> **Your objective**: What is needed is an exact copy of the lines in the listing below, from the one with "constraints: 12 end point, 2" up to and including the one with "line L1 (-63.5, 0) -> (-63.5, -63.5)", with no other lines.

> **Source material**:
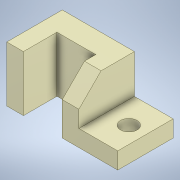
# Autodesk Inventor part: INVENTOR_TUT
Saved by Autodesk Inventor 2021.1 (Build 251245000, 245)
## iProperties
Created: 2021-05-10
Part Number: INVENTOR_TUT
Material: Polypropylene
Document SubType Name: Modeling
Designer: as000166
Density: 0.899 g/cm^3
Appearance: Smooth - Ash
Mass: 239.732 g
Surface Area: 374.755 cm^2
Volume: 266.666 cm^3
Author: as000166
Autodesk Inventor part; units mm, degrees
ref_plane "YZ Plane" through (0, 0, 0) normal (1, 0, 0) x (0, 1, 0)
ref_plane "XZ Plane" through (0, 0, 0) normal (0, 1, 0) x (-1, 0, 0)
ref_plane "XY Plane" through (0, 0, 0) normal (0, 0, 1) x (1, 0, 0)
sketch "Sketch1" plane through (0, 0, 0) normal (0, 0, 1) x (1, 0, 0)
  line L0 (0, 0) -> (0, 63.5)
  line L1 (0, 63.5) -> (19.05, 63.5)
  line L2 (0, 0) -> (63.5, 0)
  line L3 (63.5, 0) -> (63.5, 19.05)
  line L4 (63.5, 19.05) -> (19.05, 19.05)
  line L5 (19.05, 19.05) -> (19.05, 63.5)
  dimension "d3" = 63.5
  dimension "d6" = 19.05
  dimension "d7" = 63.5
  dimension "d8" = 19.05
  dimension "d9" = 44.45
  dimension "d10" = 44.45
  constraints: 12 end point, 2 horizontal, 2 perpendicular, 2 vertical
  measures "d3" distance of L0.start L0.end
  measures "d6" distance of L0.end L1.end
  measures "d7" distance of L0.start L2.end
  measures "d8" distance of L2.end L3.end
  measures "d9" distance of L4.end L1.end
  measures "d10" distance of L3.end L4.end
extrude "Extrusion1" add sketch "Sketch1" along normal blind 63.5
sketch "Sketch2" plane through (0, 63.5, 0) normal (0, 1, 0) x (1, 0, 0)
  line L0 (0, 0) -> (-63.5, 0)
  line L1 (-63.5, 0) -> (-63.5, -63.5)
  line L2 (-63.5, -63.5) -> (-44.45, -63.5)
  line L3 (0, 0) -> (0, -63.5) projected
  line L4 (0, -6.0479) -> (0, -25.0979)
  line L5 (0, -25.0979) -> (-44.45, -25.0979)
  line L6 (-44.45, -25.0979) -> (-44.45, -63.5)
  dimension "d19" = 63.5
  dimension "d20" = 63.5
  dimension "d21" = 19.05
  dimension "d22" = 19.05
  dimension "d23" = 38.4021
  dimension "d24" = 44.45
  constraints: 12 end point, 3 perpendicular, 2 point on line, 1 horizontal, 1 vertical
  measures "d19" distance of L0.start L0.end
  measures "d20" distance of L0.end L1.end
  measures "d21" distance of L1.end L2.end
  measures "d22" distance of L4.start L4.end
  measures "d23" distance of L5.end L2.end
  measures "d24" distance of L4.end L5.end
extrude "Extrusion2" add sketch "Sketch2" against normal blind 63.5
sketch "Sketch3" plane through (19.05, 19.05, 0) normal (0, 1, 0) x (1, 0, 0)
  line L0 (44.45, 0) -> (44.45, -63.5) projected
  line L1 (-82.55, 0) -> (44.45, 0) projected
  circle A0 centre (25.4, -31.75) radius 9.525
  point P0 (-19.05, 0)
  dimension "d29" = 19.05
  constraints: 1 centre point
  measures "d29" diameter of A0
extrude "Extrusion3" cut sketch "Sketch3" along normal blind 63.5 and the other way blind 31.75
sketch "Sketch4" plane through (19.05, 19.05, 0) normal (1, 0, 0) x (0, 0, -1)
  line L0 (-63.5, 44.45) -> (-25.0979, 44.45) projected
  line L1 (-63.5, 44.45) -> (-38.1, 44.45)
  line L2 (-38.1, 44.45) -> (-63.1713, 19.3817)
  line L3 (-63.1713, 19.3817) -> (-63.5, 19.0531)
  line L4 (-63.5, 44.45) -> (-63.5, -19.05) projected
  point P0 (0, -19.05)
  dimension "d34" = 25.4
  constraints: 6 end point, 3 point on line
  measures "d34" distance of L0.start L1.end
extrude "Extrusion4" cut sketch "Sketch4" against normal blind 50.8
body "Solid1"

> **Output below**:
  constraints: 12 end point, 2 horizontal, 2 perpendicular, 2 vertical
  measures "d3" distance of L0.start L0.end
  measures "d6" distance of L0.end L1.end
  measures "d7" distance of L0.start L2.end
  measures "d8" distance of L2.end L3.end
  measures "d9" distance of L4.end L1.end
  measures "d10" distance of L3.end L4.end
extrude "Extrusion1" add sketch "Sketch1" along normal blind 63.5
sketch "Sketch2" plane through (0, 63.5, 0) normal (0, 1, 0) x (1, 0, 0)
  line L0 (0, 0) -> (-63.5, 0)
  line L1 (-63.5, 0) -> (-63.5, -63.5)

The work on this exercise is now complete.